I’ll close by focusing on academic research publication as an example. The major companies in the journals space publish millions of articles in scientific, technology and medical disciplines, generating billions of dollars of revenue. Will generative AI be a threat or an opportunity for this space? Now, a small part of what the industry does – brief summaries of key research papers, for example – might become displaced by ChatGPT, which can competently summarise a fixed set of reputable papers. But the larger part of what the industry does is specifically based on the value that researchers assign to human discretion, namely, the ability of peer reviewers and peer editors to read and select papers that they believe will be of maximum impact and interest to other researchers. AI could do the task of selection, but can it do it in a way that researchers will find credible and will consider worth staking their professional reputations on? I have my doubts. In medical research, for instance, human lives can be at stake. Will medical researchers be comfortable with papers that are selected without any human intervention? I think there’s much greater resilience in the academic research publishing space than the doomsaying headlines would suggest.

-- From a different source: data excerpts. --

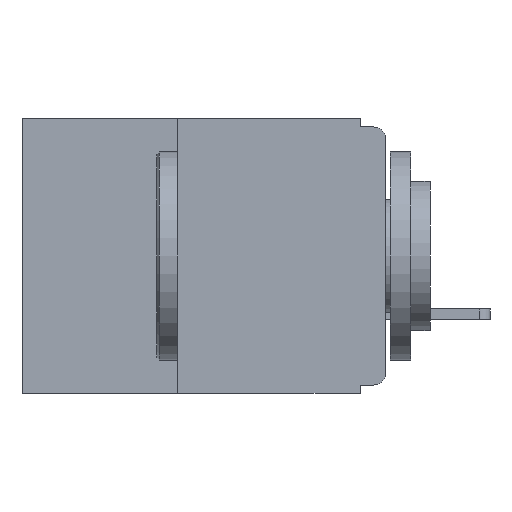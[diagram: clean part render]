
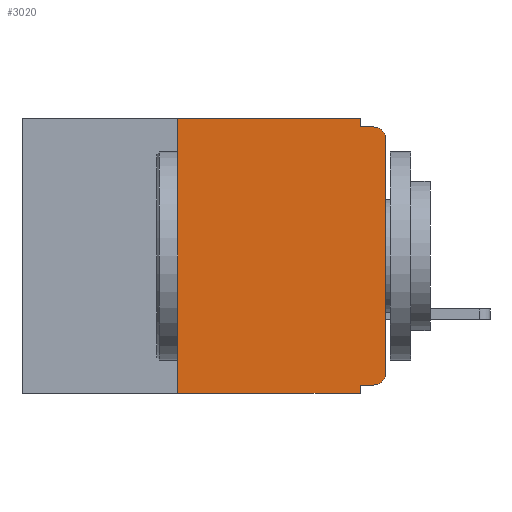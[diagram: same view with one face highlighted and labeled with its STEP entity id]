
A CAD part, left-side view. The second image highlights one B-rep face of the part: STEP entity #3020.
In plain terms, the highlighted planar face has unit normal (-1, 0, 0).
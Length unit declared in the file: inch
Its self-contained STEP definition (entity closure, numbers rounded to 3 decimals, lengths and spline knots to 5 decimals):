
#12 = EDGE_CURVE ( 'NONE', #5935, #41, #1285, .T. ) ;
#41 = VERTEX_POINT ( 'NONE', #7051 ) ;
#45 = EDGE_CURVE ( 'NONE', #3712, #1954, #1215, .T. ) ;
#69 = EDGE_CURVE ( 'NONE', #3712, #7193, #1299, .T. ) ;
#95 = EDGE_CURVE ( 'NONE', #552, #7193, #1069, .T. ) ;
#306 = LINE ( 'NONE', #9984, #12000 ) ;
#416 = DIRECTION ( 'NONE',  ( 0., 0., 1. ) ) ;
#552 = VERTEX_POINT ( 'NONE', #13397 ) ;
#639 = CARTESIAN_POINT ( 'NONE',  ( 0., 0.437, -0.33 ) ) ;
#914 = CARTESIAN_POINT ( 'NONE',  ( 0., 0.031, 0. ) ) ;
#997 = CARTESIAN_POINT ( 'NONE',  ( 0., 0., -0.32 ) ) ;
#1043 = VECTOR ( 'NONE', #13471, 39.37008 ) ;
#1069 = LINE ( 'NONE', #10247, #1043 ) ;
#1094 = VECTOR ( 'NONE', #13168, 39.37008 ) ;
#1163 = VECTOR ( 'NONE', #416, 39.37008 ) ;
#1215 = LINE ( 'NONE', #13130, #1163 ) ;
#1270 = VECTOR ( 'NONE', #12231, 39.37008 ) ;
#1285 = LINE ( 'NONE', #7700, #1270 ) ;
#1299 = LINE ( 'NONE', #639, #1094 ) ;
#1576 = LINE ( 'NONE', #997, #12790 ) ;
#1954 = VERTEX_POINT ( 'NONE', #11934 ) ;
#2233 = DIRECTION ( 'NONE',  ( -1., 0., 0. ) ) ;
#2423 = EDGE_CURVE ( 'NONE', #7237, #552, #1576, .T. ) ;
#2874 = EDGE_CURVE ( 'NONE', #1954, #5935, #9079, .T. ) ;
#3020 = ADVANCED_FACE ( 'NONE', ( #12131 ), #13858, .F. ) ;
#3220 = DIRECTION ( 'NONE',  ( 0., -1., 0. ) ) ;
#3475 = CARTESIAN_POINT ( 'NONE',  ( 0., 0.031, -0.33 ) ) ;
#3712 = VERTEX_POINT ( 'NONE', #6481 ) ;
#3726 = DIRECTION ( 'NONE',  ( 0., 0., 1. ) ) ;
#3989 = DIRECTION ( 'NONE',  ( 0., 1., 0. ) ) ;
#4391 = CIRCLE ( 'NONE', #8580, 0.015 ) ;
#4435 = CARTESIAN_POINT ( 'NONE',  ( 0., 0.437, 0. ) ) ;
#5599 = CARTESIAN_POINT ( 'NONE',  ( 0., 0., -0.305 ) ) ;
#5935 = VERTEX_POINT ( 'NONE', #914 ) ;
#5976 = CARTESIAN_POINT ( 'NONE',  ( 0., 0.437, 0. ) ) ;
#5996 = DIRECTION ( 'NONE',  ( 1., 0., 0. ) ) ;
#6349 = ORIENTED_EDGE ( 'NONE', *, *, #8042, .T. ) ;
#6374 = CARTESIAN_POINT ( 'NONE',  ( 0., 0.015, -0.305 ) ) ;
#6387 = ORIENTED_EDGE ( 'NONE', *, *, #6593, .T. ) ;
#6481 = CARTESIAN_POINT ( 'NONE',  ( 0., 0.25, -0.33 ) ) ;
#6593 = EDGE_CURVE ( 'NONE', #8517, #7440, #12132, .T. ) ;
#6637 = ORIENTED_EDGE ( 'NONE', *, *, #13741, .F. ) ;
#6681 = ORIENTED_EDGE ( 'NONE', *, *, #12, .F. ) ;
#6794 = ORIENTED_EDGE ( 'NONE', *, *, #2874, .F. ) ;
#6835 = ORIENTED_EDGE ( 'NONE', *, *, #45, .F. ) ;
#6980 = ORIENTED_EDGE ( 'NONE', *, *, #69, .T. ) ;
#7012 = ORIENTED_EDGE ( 'NONE', *, *, #95, .F. ) ;
#7040 = ORIENTED_EDGE ( 'NONE', *, *, #2423, .F. ) ;
#7051 = CARTESIAN_POINT ( 'NONE',  ( 0., 0.031, -0.01 ) ) ;
#7151 = ORIENTED_EDGE ( 'NONE', *, *, #7575, .T. ) ;
#7193 = VERTEX_POINT ( 'NONE', #3475 ) ;
#7237 = VERTEX_POINT ( 'NONE', #13847 ) ;
#7408 = VECTOR ( 'NONE', #3726, 39.37008 ) ;
#7440 = VERTEX_POINT ( 'NONE', #13249 ) ;
#7535 = DIRECTION ( 'NONE',  ( 0., 0., -1. ) ) ;
#7575 = EDGE_CURVE ( 'NONE', #7237, #7773, #4391, .T. ) ;
#7700 = CARTESIAN_POINT ( 'NONE',  ( 0., 0.031, 0. ) ) ;
#7773 = VERTEX_POINT ( 'NONE', #5599 ) ;
#8042 = EDGE_CURVE ( 'NONE', #7773, #8517, #12493, .T. ) ;
#8517 = VERTEX_POINT ( 'NONE', #8975 ) ;
#8580 = AXIS2_PLACEMENT_3D ( 'NONE', #6374, #13429, #7535 ) ;
#8975 = CARTESIAN_POINT ( 'NONE',  ( 0., 0., -0.025 ) ) ;
#9079 = LINE ( 'NONE', #4435, #13716 ) ;
#9160 = CARTESIAN_POINT ( 'NONE',  ( 0., 0.015, -0.025 ) ) ;
#9184 = DIRECTION ( 'NONE',  ( 0., 0., -1. ) ) ;
#9388 = CARTESIAN_POINT ( 'NONE',  ( 0., 0., 0. ) ) ;
#9489 = AXIS2_PLACEMENT_3D ( 'NONE', #9160, #2233, #10169 ) ;
#9984 = CARTESIAN_POINT ( 'NONE',  ( 0., 0., -0.01 ) ) ;
#10169 = DIRECTION ( 'NONE',  ( 0., 0., -1. ) ) ;
#10247 = CARTESIAN_POINT ( 'NONE',  ( 0., 0.031, -0.33 ) ) ;
#10642 = DIRECTION ( 'NONE',  ( 0., -1., 0. ) ) ;
#10760 = EDGE_LOOP ( 'NONE', ( #6349, #6387, #6637, #6681, #6794, #6835, #6980, #7012, #7040, #7151 ) ) ;
#11934 = CARTESIAN_POINT ( 'NONE',  ( 0., 0.25, 0. ) ) ;
#12000 = VECTOR ( 'NONE', #3220, 39.37008 ) ;
#12131 = FACE_OUTER_BOUND ( 'NONE', #10760, .T. ) ;
#12132 = CIRCLE ( 'NONE', #9489, 0.015 ) ;
#12231 = DIRECTION ( 'NONE',  ( 0., 0., -1. ) ) ;
#12493 = LINE ( 'NONE', #9388, #7408 ) ;
#12790 = VECTOR ( 'NONE', #3989, 39.37008 ) ;
#13130 = CARTESIAN_POINT ( 'NONE',  ( 0., 0.25, -0.33 ) ) ;
#13168 = DIRECTION ( 'NONE',  ( 0., -1., 0. ) ) ;
#13249 = CARTESIAN_POINT ( 'NONE',  ( 0., 0.015, -0.01 ) ) ;
#13397 = CARTESIAN_POINT ( 'NONE',  ( 0., 0.031, -0.32 ) ) ;
#13429 = DIRECTION ( 'NONE',  ( -1., 0., 0. ) ) ;
#13471 = DIRECTION ( 'NONE',  ( 0., 0., -1. ) ) ;
#13630 = AXIS2_PLACEMENT_3D ( 'NONE', #5976, #5996, #9184 ) ;
#13716 = VECTOR ( 'NONE', #10642, 39.37008 ) ;
#13741 = EDGE_CURVE ( 'NONE', #41, #7440, #306, .T. ) ;
#13847 = CARTESIAN_POINT ( 'NONE',  ( 0., 0.015, -0.32 ) ) ;
#13858 = PLANE ( 'NONE',  #13630 ) ;

But the opportunities, on the other hand, are enormous. Today the majority of papers published in top-tier journals still come from traditional research engines such as the US and Europe. This is partly because those regions still disproportionately dominate research itself, but it’s also because a very high percentage of papers submitted by researchers outside of these traditional countries are rejected out of hand, due to the poor quality of English writing. I would expect generative AI to make a quick and meaningful difference to solving this problem, which is a problem of equity, on the one hand, but also of human welfare. After all, there are clinical insights in rejected papers written by doctors in low-and middle-income countries that could, if published, represent a significant step forward in various medical disciplines.
AI also has tremendous potential to help shorten the timeframe for translation of research into practice. Again focusing on medical research as an illustration, studies show that it often takes 17 years or more for new findings to become reflected in the state of patient treatment. There are many factors driving that timeframe, including training and policy. But the sheer magnitude of the task is also a critical reason. It takes many years for clinicians to find systematic ways to sort through the millions of articles published in their field to synthesise actionable new treatments. It’s easy to envision that AI can play a critical role in accelerating these activities.
On balance, I think the breakout of AI into public consciousness should be a moment of excitement for our industry. It’s in our hands to determine whether we benefit from AI or are knocked off course by it. If we embrace, explore, and invest, we will find that we ourselves become leaders in the story of how AI became a productive, lasting presence in the information landscape.